Friday, March 28, 2008

Issues with ACIP to Unicode Conversion and MacOSX

I'm really having fun with Unicode and Tibetan. But part of this is to take a lot of ACIP encoding material that I have as well as available from AsianClassics.org and similar places.


I saw that JSkad had a conversion from ACIP to Unicode (text file). So I tried this, but the output didn't look like Unicode at all. I was using Notepad and Pages (latest), but both didn't show Tibetan Unicode fonts from the output, rather Roman letters with strange numbers.

Now, it could be an operator error, so I need to do something with the text file before using it, or something else.  In case someone has ideas what is happening and how to fix this, please post a comment. Also, if you have other tools or ideas how to convert ACIP encoding to Unicode on the Macintosh platform. If I get this working, a lot of really cool Tibetan material will be posted on dharmadictionary and similar places for public access. 

5 comments:

Evan Osherow said...

Uh-oh, I just tested to see for myself and got the same gibberish. ACIP>Unicode used to work fine. It doesn't seem like Leopard would have messed up a good thing, but I don't know what else has changed since then. I tried numerous different plain text encodings via TextEdit, but the all had different problems when converted.


That's really a shame. I was banking on ACIP>Uni on a Mac. I'll keep searching for a solution.

Kent Sandvik said...

Thanks. I tried both the tested version of Jskad as well as last night's build. I suspect that the file header needs some specific information that this is a unicode 16 or UTF-8 file, but I'm no expert on Unicode files.

Maybe someone from the Jskad team is reading this...

Anonymous said...

I found the same thing as you when using Jskad.jar, but I did manage to get readable unicode from a ACIP file in a two step process.

First go to:
Tools→Launch Converter...→ACIP to Wylie (Text->Text)→Convert

Second:
Close the converter dialogue and open the text file that was produced by the converter and select all and copy then paste into Jskad.

Third:
Select all in Jskad, then:
Tools→Convert All→Convert Tibetan Machine Web (non-Unicode) to Unicode.

Fourth:
Select All→Copy and paste into a text file. Save the file (make sure that the encoding is UTF) and you have a Unicode file.

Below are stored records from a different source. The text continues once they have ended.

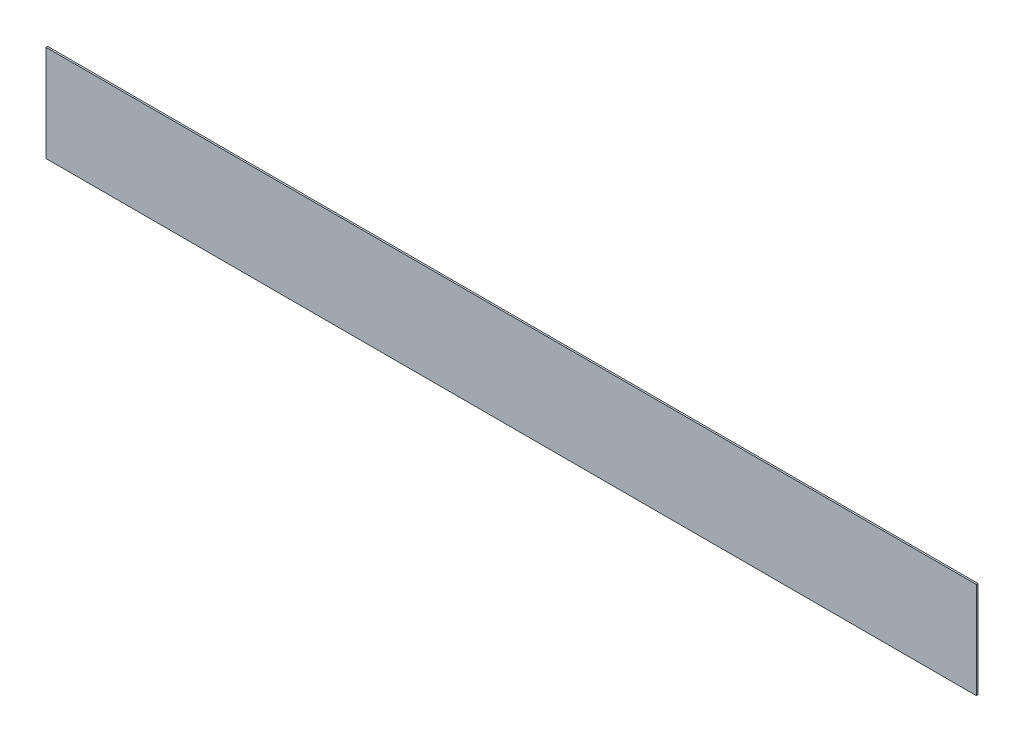
SolidWorks part; units mm, degrees
ref_plane "Front Plane" through (0, 0, 0) normal (0, 0, 1) x (1, 0, 0)
ref_plane "Top Plane" through (0, 0, 0) normal (0, 1, 0) x (1, 0, 0)
ref_plane "Right Plane" through (0, 0, 0) normal (1, 0, 0) x (0, 0, -1)
sketch "Sketch1" plane through (0, 0, 0) normal (0, 0, 1) x (1, 0, 0)
  line L1 (0, 0) -> (700, 0)
  line L2 (0, 0) -> (0, 72.46)
  line L3 (0, 72.46) -> (700, 72.46)
  line L4 (700, 0) -> (700, 72.46)
  dimension "D1" = 72.46
  dimension "D2" = 700
extrude "Boss-Extrude1" add sketch "Sketch1" along normal blind 1.27
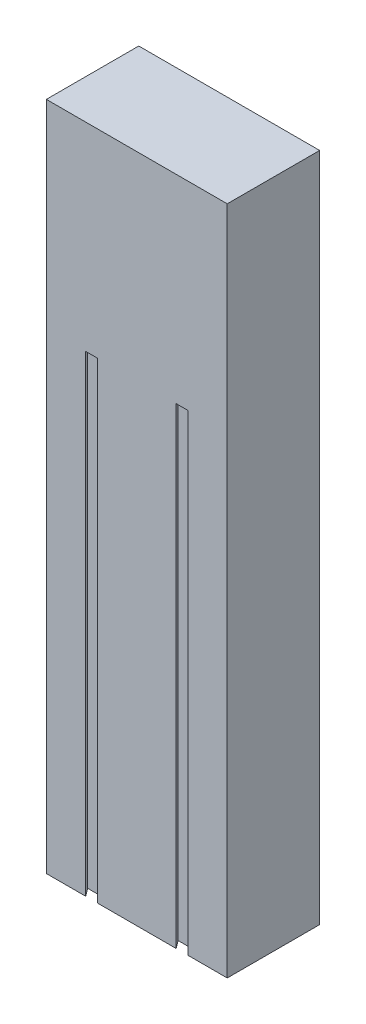
SolidWorks part; units mm, degrees
ref_plane "Přední rovina" through (0, 0, 0) normal (0, 0, 1) x (1, 0, 0)
ref_plane "Horní rovina" through (0, 0, 0) normal (0, 1, 0) x (1, 0, 0)
ref_plane "Pravá rovina" through (0, 0, 0) normal (1, 0, 0) x (0, 0, -1)
sketch "Skica1" plane through (0, 0, 0) normal (0, 0, 1) x (1, 0, 0)
  line L0 (1.1, 151.5) -> (0, 151.5) construction
  line L1 (0, 151.5) -> (34, 151.5)
  line L2 (0, 151.5) -> (0, 0)
  line L4 (34, 151.5) -> (34, 0)
  line L5 (0, 146) -> (0, 151.5) construction
  line L18 (-1.5, 153) -> (35.5, 153)
  line L20 (34, 0) -> (34, -7)
  line L21 (34, -7) -> (0, -7)
  line L22 (0, 0) -> (0, -7)
  line L23 (35.5, 153) -> (35.5, 0)
  line L24 (35.5, 0) -> (35.5, -8.5)
  line L25 (35.5, -8.5) -> (-1.5, -8.5)
  line L26 (-1.5, 0) -> (-1.5, -8.5)
  line L27 (-1.5, 153) -> (-1.5, 0)
  line L28 (-6, 157.5) -> (40, 157.5)
  line L29 (40, 157.5) -> (40, 0)
  line L30 (40, 0) -> (40, -13)
  line L31 (40, -13) -> (-6, -13)
  line L32 (-6, 0) -> (-6, -13)
  line L33 (-6, 157.5) -> (-6, 0)
  dimension "D3" = 7
  dimension "D1" = 1.5
  dimension "D2" = 6
extrude "Přidat vysunutím2" add sketch "Skica1" against normal up to surface (16.5 mm away)
sketch "Skica2" plane through (0, 0, 0) normal (0, 0, 1) x (1, 0, 0)
  line L1 (-6, 157.5) -> (40, 157.5)
  line L2 (-6, 157.5) -> (-6, -13)
  line L3 (-6, -13) -> (40, -13)
  line L4 (40, 157.5) -> (40, -13)
  line L5 (35.5, -8.5) -> (-1.5, -8.5)
  line L6 (35.5, -8.5) -> (35.5, 153)
  line L7 (35.5, 153) -> (-1.5, 153)
  line L8 (-1.5, -8.5) -> (-1.5, 153)
  point P12 (0, 0)
  point P14 (0, 0)
  point P16 (0, 0)
  point P18 (0, 0)
  point P19 (0, 0)
  point P20 (0, 0)
  point P21 (0, 0)
extrude "Přidat vysunutím4" add sketch "Skica2" along normal blind 2
sketch "Skica3" plane through (0, 0, 2) normal (0, 0, 1) x (1, 0, 0)
  line L0 (35.5, 119.5) -> (33.1, 119.5) construction
  line L1 (40, -13) -> (-6, -13)
  line L2 (40, -13) -> (40, 157.5)
  line L3 (40, 157.5) -> (-6, 157.5)
  line L4 (-6, -13) -> (-6, 157.5)
  line L5 (35.5, 119.5) -> (-1.5, 119.5)
  line L6 (35.5, 119.5) -> (35.5, 153)
  line L7 (35.5, 153) -> (-1.5, 153)
  line L8 (-1.5, 119.5) -> (-1.5, 153)
  line L9 (35.5, -8.5) -> (35.5, 153) construction
  line L10 (-6, 157.5) -> (-6, -13) construction
  line L11 (40, 157.5) -> (-6, 157.5) construction
  point P11 (0, 0)
  point P15 (0, 0)
  point P16 (0, 0)
  point P23 (0, 0)
  point P24 (-1.8112, 147.3333)
extrude "Přidat vysunutím5" add sketch "Skica3" along normal blind 3
sketch "Skica4" plane through (0, 0, 5) normal (0, 0, 1) x (1, 0, 0)
  line L1 (35.5, 119.5) -> (-1.5, 119.5)
  line L2 (35.5, 119.5) -> (35.5, 153)
  line L3 (35.5, 153) -> (-1.5, 153)
  line L4 (-1.5, 119.5) -> (-1.5, 153)
  point P6 (0, 0)
  point P7 (0, 0)
  point P8 (0, 0)
  point P10 (0, 0)
extrude "Přidat vysunutím6" add sketch "Skica4" against normal blind 2
sketch "Skica9" plane through (0, 0, -16.5) normal (0, 0, -1) x (-1, 0, 0)
  line L0 (1.5, 153) -> (1.5, -8.5) construction
  line L1 (-40, -13) -> (6, -13)
  line L2 (-40, -13) -> (-40, 157.5)
  line L3 (-40, 157.5) -> (6, 157.5)
  line L4 (6, -13) -> (6, 157.5)
  line L5 (1.5, 153) -> (-35.5, 153)
  line L6 (1.5, 153) -> (1.5, -8.5)
  line L7 (1.5, -8.5) -> (-35.5, -8.5)
  line L8 (-35.5, 153) -> (-35.5, -8.5)
  point P12 (0, 0)
  point P14 (0, 0)
  point P16 (1.5, 151.6903)
  point P20 (0, 0)
extrude "Přidat vysunutím9" add sketch "Skica9" along normal blind 2
sketch "Skica10" plane through (0, 0, -18.5) normal (0, 0, -1) x (-1, 0, 0)
  line L0 (-40, -13) -> (6, -13) construction
  line L1 (6, -13) -> (6, 157.5) construction
  line L2 (-17, -13) -> (-17, 0) construction
  line L3 (-40, -13) -> (-40, 72.25) construction
  line L4 (-40, 157.5) -> (-40, -13) construction
  line L5 (-40, 29.625) -> (-35.5, 29.625) construction
  line L6 (-35.5, 72.25) -> (-40, 72.25) construction
  line L7 (-35.5, 153) -> (-35.5, -8.5) construction
  line L8 (-35.5, 153) -> (-35.5, -8.5) construction
  line L9 (-37.75, 29.625) -> (-37.75, 72.25) construction
  line L10 (-37.75, 50.9375) -> (-40, 50.9375) construction
  line L11 (3.5, -10.5) -> (-37.5, -10.5) construction
  line L12 (3.5, -10.5) -> (3.5, 30.5) construction
  circle A0 centre (3.5, -10.5) radius 1.75
  circle A12 centre (-37.5, -10.5) radius 1.75
  circle A13 centre (-37.5, 30.5) radius 1.75
  circle A14 centre (-37.5, 71.5) radius 1.75
  circle A15 centre (-37.5, 112.5) radius 1.75
  circle A16 centre (-37.5, 153.5) radius 1.75
  circle A17 centre (3.5, 30.5) radius 1.75
  circle A18 centre (3.5, 71.5) radius 1.75
  circle A19 centre (3.5, 112.5) radius 1.75
  circle A20 centre (3.5, 153.5) radius 1.75
  dimension "D3" = 3.5
  dimension "D1" = 2.5
  dimension "D2" = 2.5
  dimension "D4" = 2
  dimension "D5" = 5
  dimension "D6" = 41
  dimension "D7" = 41
extrude "Díry na zápustný matky" cut sketch "Skica10" against normal blind 5
fillet "Zaoblit1" radius 2.5 4 edges at (35.5, 153, -7.75) (-1.5, 153, -7.75) (-1.5, -8.5, -8.25) (35.5, -8.5, -8.25)
sketch "Skica11" plane through (0, -13, 0) normal (0, -1, 0) x (1, 0, 0)
  line L0 (40, -18.5) -> (40, 5) construction
  line L1 (17, -18.5) -> (17, 5) construction
  line L2 (40, -18.5) -> (-6, -18.5) construction
  line L3 (-6, 5) -> (40, 5) construction
  circle A0 centre (27, -6.5) radius 5.75
  circle A1 centre (7, -6.5) radius 5.75
  dimension "D1" = 11.5
  dimension "D2" = 10
  dimension "D3" = 12
  dimension "D4" = 11.5
  dimension "D5" = 13
extrude "konektory" cut sketch "Skica11" against normal up to surface (4.5 mm away) up to face at (17, -8.5, -8.25)
sketch "Skica13" plane through (0, -13, 0) normal (0, -1, 0) x (1, 0, 0)
  line L0 (31.5, 3) -> (25.5, 3)
  line L1 (25.5, 3) -> (25.5, 5) construction
  line L2 (-6, 5) -> (40, 5) construction
  line L3 (31.5, 3) -> (31.5, 5) construction
  line L4 (30, 5) -> (27, 5) construction
  line L5 (30, 5) -> (31.5, 3)
  line L6 (25.5, 3) -> (27, 5)
  line L7 (27, 5) -> (30, 5)
  line L8 (17, 5) -> (17, -18.5) construction
  line L9 (7, 5) -> (4, 5)
  line L10 (4, 5) -> (2.5, 3)
  line L11 (8.5, 3) -> (7, 5)
  line L12 (2.5, 3) -> (8.5, 3)
  dimension "D1" = 6
  dimension "D2" = 2
  dimension "D3" = 3
  dimension "D4" = 1.5
  dimension "D5" = 1.5
  dimension "D6" = 10
  dimension "D7" = 10
  dimension "D8" = 20
extrude "Drážka k terču" cut sketch "Skica13" against normal blind 120
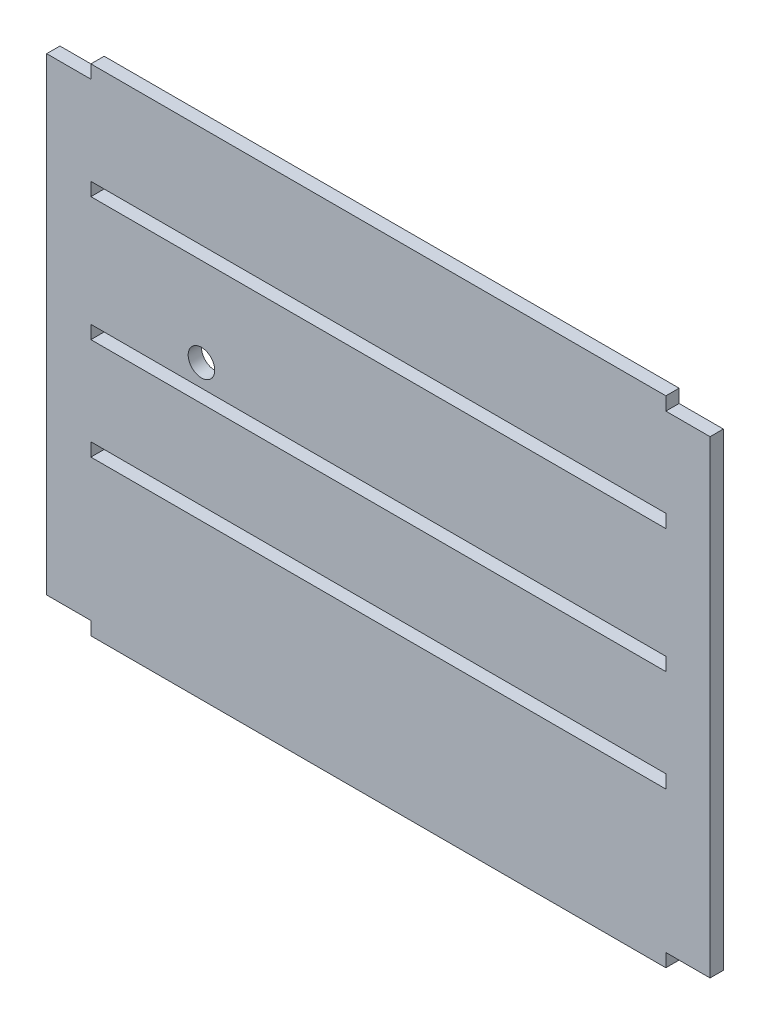
SolidWorks part; units mm, degrees
ref_plane "Front Plane" through (0, 0, 0) normal (0, 0, 1) x (1, 0, 0)
ref_plane "Top Plane" through (0, 0, 0) normal (0, 1, 0) x (1, 0, 0)
ref_plane "Right Plane" through (0, 0, 0) normal (1, 0, 0) x (0, 0, -1)
sketch "Sketch1" plane through (0, 0, 0) normal (0, 0, 1) x (1, 0, 0)
  line L0 (-59.697, -16.5185) -> (70.303, -16.5185)
  line L1 (-69.697, 34.4815) -> (80.303, 34.4815)
  line L2 (-69.697, 34.4815) -> (-69.697, -77.5185)
  line L3 (-69.697, -77.5185) -> (80.303, -77.5185)
  line L4 (80.303, 34.4815) -> (80.303, -77.5185)
  line L7 (-69.697, 31.4815) -> (-59.697, 31.4815)
  line L8 (-59.697, 34.4815) -> (-59.697, 31.4815)
  line L11 (-69.697, -74.5185) -> (-59.697, -74.5185)
  line L12 (-59.697, -77.5185) -> (-59.697, -74.5185)
  line L15 (80.303, 31.4815) -> (70.303, 31.4815)
  line L16 (70.303, 34.4815) -> (70.303, 31.4815)
  line L19 (80.303, -74.5185) -> (70.303, -74.5185)
  line L20 (70.303, -77.5185) -> (70.303, -74.5185)
  line L21 (-59.697, -39.5185) -> (70.303, -39.5185)
  line L22 (-59.697, -39.5185) -> (-59.697, -42.5185)
  line L23 (-59.697, -42.5185) -> (70.303, -42.5185)
  line L24 (70.303, -39.5185) -> (70.303, -42.5185)
  line L25 (-59.697, -16.5185) -> (-59.697, -19.5185)
  line L26 (-59.697, -19.5185) -> (70.303, -19.5185)
  line L27 (70.303, -16.5185) -> (70.303, -19.5185)
  line L28 (-59.697, 11.4815) -> (70.303, 11.4815)
  line L29 (-59.697, 11.4815) -> (-59.697, 8.4815)
  line L30 (-59.697, 8.4815) -> (70.303, 8.4815)
  line L31 (70.303, 11.4815) -> (70.303, 8.4815)
  circle A0 centre (-34.697, -11.5185) radius 3
  point P20 (-64.697, -74.5185)
  dimension "D22" = 25
  dimension "D1" = 150
  dimension "D2" = 112
  dimension "D3" = 10
  dimension "D4" = 3
  dimension "D5" = 10
  dimension "D6" = 3
  dimension "D7" = 10
  dimension "D8" = 3
  dimension "D9" = 3
  dimension "D10" = 10
  dimension "D11" = 130
  dimension "D12" = 3
  dimension "D13" = 32
  dimension "D14" = 10
  dimension "D15" = 130
  dimension "D16" = 130
  dimension "D17" = 20
  dimension "D18" = 10
  dimension "D19" = 25
  dimension "D20" = 10
  dimension "D21" = 20
  dimension "D23" = 5
extrude "Boss-Extrude1" add sketch "Sketch1" along normal blind 3 contours L3 L20 L19 L4 L15 L16 L1 L8 L7 L2 L11 L12 A0 L21 L24 L23 L22 L0 L27 L26 L25 L28 L31 L30 L29
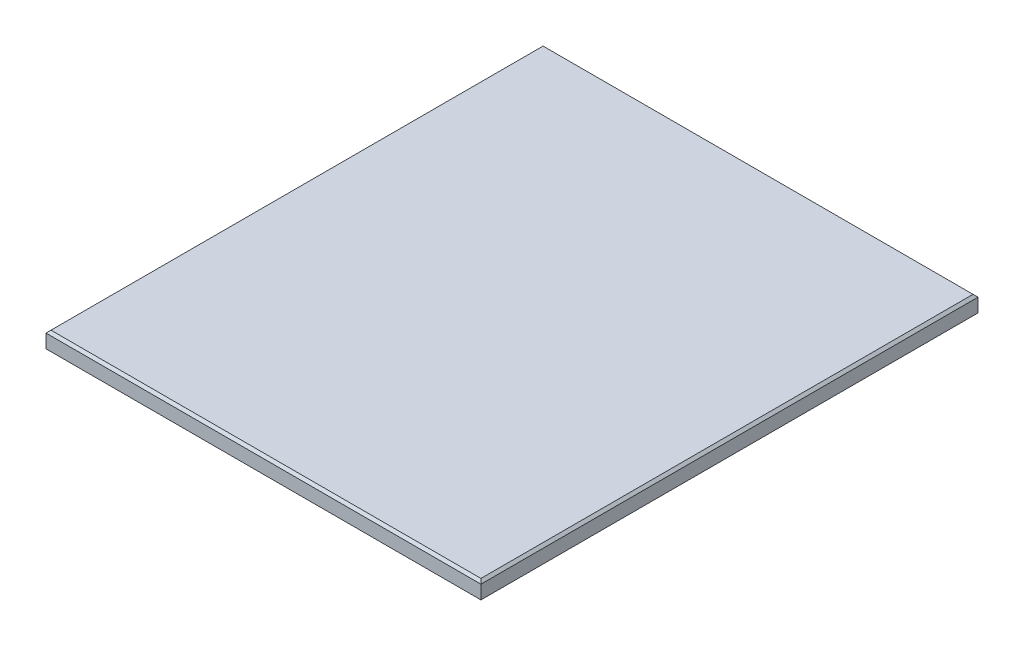
SolidWorks part; units mm, degrees
ref_plane "Front Plane" through (0, 0, 0) normal (0, 0, 1) x (1, 0, 0)
ref_plane "Top Plane" through (0, 0, 0) normal (0, 1, 0) x (1, 0, 0)
ref_plane "Right Plane" through (0, 0, 0) normal (1, 0, 0) x (0, 0, -1)
sketch "Sketch1" plane through (0, 0, 0) normal (0, 1, 0) x (1, 0, 0)
  line L1 (0, 0) -> (350, 0)
  line L2 (0, 0) -> (0, -400)
  line L3 (0, -400) -> (350, -400)
  line L4 (350, 0) -> (350, -400)
  dimension "D1" = 350
  dimension "D2" = 400
extrude "Boss-Extrude1" add sketch "Sketch1" along normal blind 15
chamfer "Chamfer1" distance 2 angle 45 8 edges at (175, 0, 400) (350, 0, 200) (175, 0, 0) (0, 0, 200) (175, 15, 0) (350, 15, 200) (175, 15, 400) (0, 15, 200)
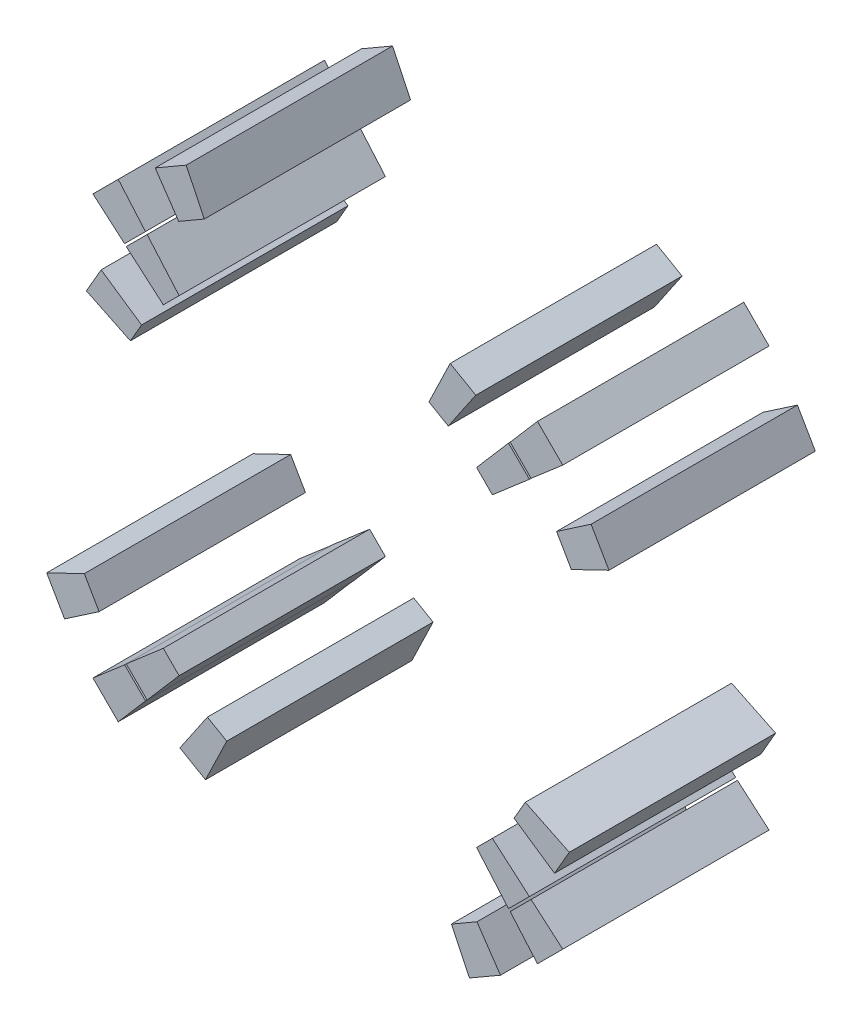
SolidWorks part; units mm, degrees
ref_plane "Спереди" through (0, 0, 0) normal (0, 0, 1) x (1, 0, 0)
ref_plane "Сверху" through (0, 0, 0) normal (0, 1, 0) x (1, 0, 0)
ref_plane "Справа" through (0, 0, 0) normal (1, 0, 0) x (0, 0, -1)
sketch "Эскиз1" plane through (0, 0, 0) normal (0, 0, 1) x (1, 0, 0)
  line L0 (35.4045, 17.9613) -> (40.8774, 20.5983)
  line L1 (40.8774, 20.5983) -> (38.2774, 25.1017)
  line L2 (38.2774, 25.1017) -> (33.2572, 21.6806)
  line L3 (33.2572, 21.6806) -> (35.4045, 17.9613)
  line L4 (23.9243, 21.6262) -> (29.3077, 26.2709)
  line L5 (29.3077, 26.2709) -> (26.2709, 29.3077)
  line L6 (26.2709, 29.3077) -> (21.6262, 23.9243)
  line L7 (21.6262, 23.9243) -> (23.9243, 21.6262)
  line L8 (29.5494, 26.5127) -> (34.1533, 30.4763)
  line L9 (34.1533, 30.4763) -> (30.4763, 34.1533)
  line L10 (30.4763, 34.1533) -> (26.5127, 29.5494)
  line L11 (26.5127, 29.5494) -> (29.5494, 26.5127)
  line L12 (17.5118, 27.0813) -> (21.5096, 32.9611)
  line L13 (21.5096, 32.9611) -> (17.7904, 35.1085)
  line L14 (17.7904, 35.1085) -> (14.6972, 28.7063)
  line L15 (14.6972, 28.7063) -> (17.5118, 27.0813)
  line L16 (-17.9613, 35.4045) -> (-20.5983, 40.8774)
  line L17 (-20.5983, 40.8774) -> (-25.1017, 38.2774)
  line L18 (-25.1017, 38.2774) -> (-21.6806, 33.2572)
  line L19 (-21.6806, 33.2572) -> (-17.9613, 35.4045)
  line L20 (-21.6262, 23.9243) -> (-26.2709, 29.3077)
  line L21 (-26.2709, 29.3077) -> (-29.3077, 26.2709)
  line L22 (-29.3077, 26.2709) -> (-23.9243, 21.6262)
  line L23 (-23.9243, 21.6262) -> (-21.6262, 23.9243)
  line L24 (-26.5127, 29.5494) -> (-30.4763, 34.1533)
  line L25 (-30.4763, 34.1533) -> (-34.1533, 30.4763)
  line L26 (-34.1533, 30.4763) -> (-29.5494, 26.5127)
  line L27 (-29.5494, 26.5127) -> (-26.5127, 29.5494)
  line L28 (-27.0813, 17.5118) -> (-32.9611, 21.5096)
  line L29 (-32.9611, 21.5096) -> (-35.1085, 17.7904)
  line L30 (-35.1085, 17.7904) -> (-28.7063, 14.6972)
  line L31 (-28.7063, 14.6972) -> (-27.0813, 17.5118)
  line L32 (-35.4045, -17.9613) -> (-40.8774, -20.5983)
  line L33 (-40.8774, -20.5983) -> (-38.2774, -25.1017)
  line L34 (-38.2774, -25.1017) -> (-33.2572, -21.6806)
  line L35 (-33.2572, -21.6806) -> (-35.4045, -17.9613)
  line L36 (-23.9243, -21.6262) -> (-29.3077, -26.2709)
  line L37 (-29.3077, -26.2709) -> (-26.2709, -29.3077)
  line L38 (-26.2709, -29.3077) -> (-21.6262, -23.9243)
  line L39 (-21.6262, -23.9243) -> (-23.9243, -21.6262)
  line L40 (-29.5494, -26.5127) -> (-34.1533, -30.4763)
  line L41 (-34.1533, -30.4763) -> (-30.4763, -34.1533)
  line L42 (-30.4763, -34.1533) -> (-26.5127, -29.5494)
  line L43 (-26.5127, -29.5494) -> (-29.5494, -26.5127)
  line L44 (-17.5118, -27.0813) -> (-21.5096, -32.9611)
  line L45 (-21.5096, -32.9611) -> (-17.7904, -35.1085)
  line L46 (-17.7904, -35.1085) -> (-14.6972, -28.7063)
  line L47 (-14.6972, -28.7063) -> (-17.5118, -27.0813)
  line L48 (17.9613, -35.4045) -> (20.5983, -40.8774)
  line L49 (20.5983, -40.8774) -> (25.1017, -38.2774)
  line L50 (25.1017, -38.2774) -> (21.6806, -33.2572)
  line L51 (21.6806, -33.2572) -> (17.9613, -35.4045)
  line L52 (21.6262, -23.9243) -> (26.2709, -29.3077)
  line L53 (26.2709, -29.3077) -> (29.3077, -26.2709)
  line L54 (29.3077, -26.2709) -> (23.9243, -21.6262)
  line L55 (23.9243, -21.6262) -> (21.6262, -23.9243)
  line L56 (26.5127, -29.5494) -> (30.4763, -34.1533)
  line L57 (30.4763, -34.1533) -> (34.1533, -30.4763)
  line L58 (34.1533, -30.4763) -> (29.5494, -26.5127)
  line L59 (29.5494, -26.5127) -> (26.5127, -29.5494)
  line L60 (27.0813, -17.5118) -> (32.9611, -21.5096)
  line L61 (32.9611, -21.5096) -> (35.1085, -17.7904)
  line L62 (35.1085, -17.7904) -> (28.7063, -14.6972)
  line L63 (28.7063, -14.6972) -> (27.0813, -17.5118)
extrude "Coil_sides" add sketch "Эскиз1" along normal blind 30 from offset 15 separate body

It's a little clumsy, but not too bad, I think.

*Except that the Unicode stackings are far from perfect - at least in Windows. I still haven't tried with Linux. (I left a message about this at http://jigtenmig.blogspot.com/2008/03/tibetan-unicode-fonts-and-this-blog.html)

Daniel said...

I've converted several hundred of pages of our project with JSKAD on Mac OS X
(http://www.ittm.org/projects/dataInput/
DataInputProject.htm)

If you familiar with Terminal on Mac OS X, try the following command:

java -Dthdl.acip.to.unicode.conversions.use.0F52.et.cetera = true -cp PATH/lib-vanilla/Jskad.jar org.thdl.tib.input.TibetanConverter --colors no --warning-level None --acip-to-tibetan-warning-and-error-messages long --acip-to-unicode ACIP_file.txt >> UNICODE_file.txt

Replace PATH with the JSKAD path and ACIP_file.txt is the input file and UNICODE_file.txt the output file.

BTW, JSKAD don't include a UTF-8 BOM at the beginning of the file, which is in hexa: EF BB BF.

Hope this helps,
Daniel

Kent Sandvik said...

Thanks, this will be handy, especially for converting a large set of ACIP files using a bash on the command line.

Now, for non-programmers, this all could daunting. There's an option with MacOSX to make an icon that accepts files, and underneath it will trigger bash scripts, so if I ever had more spare time something like this would be handy for those who don't dare to open up the terminal app.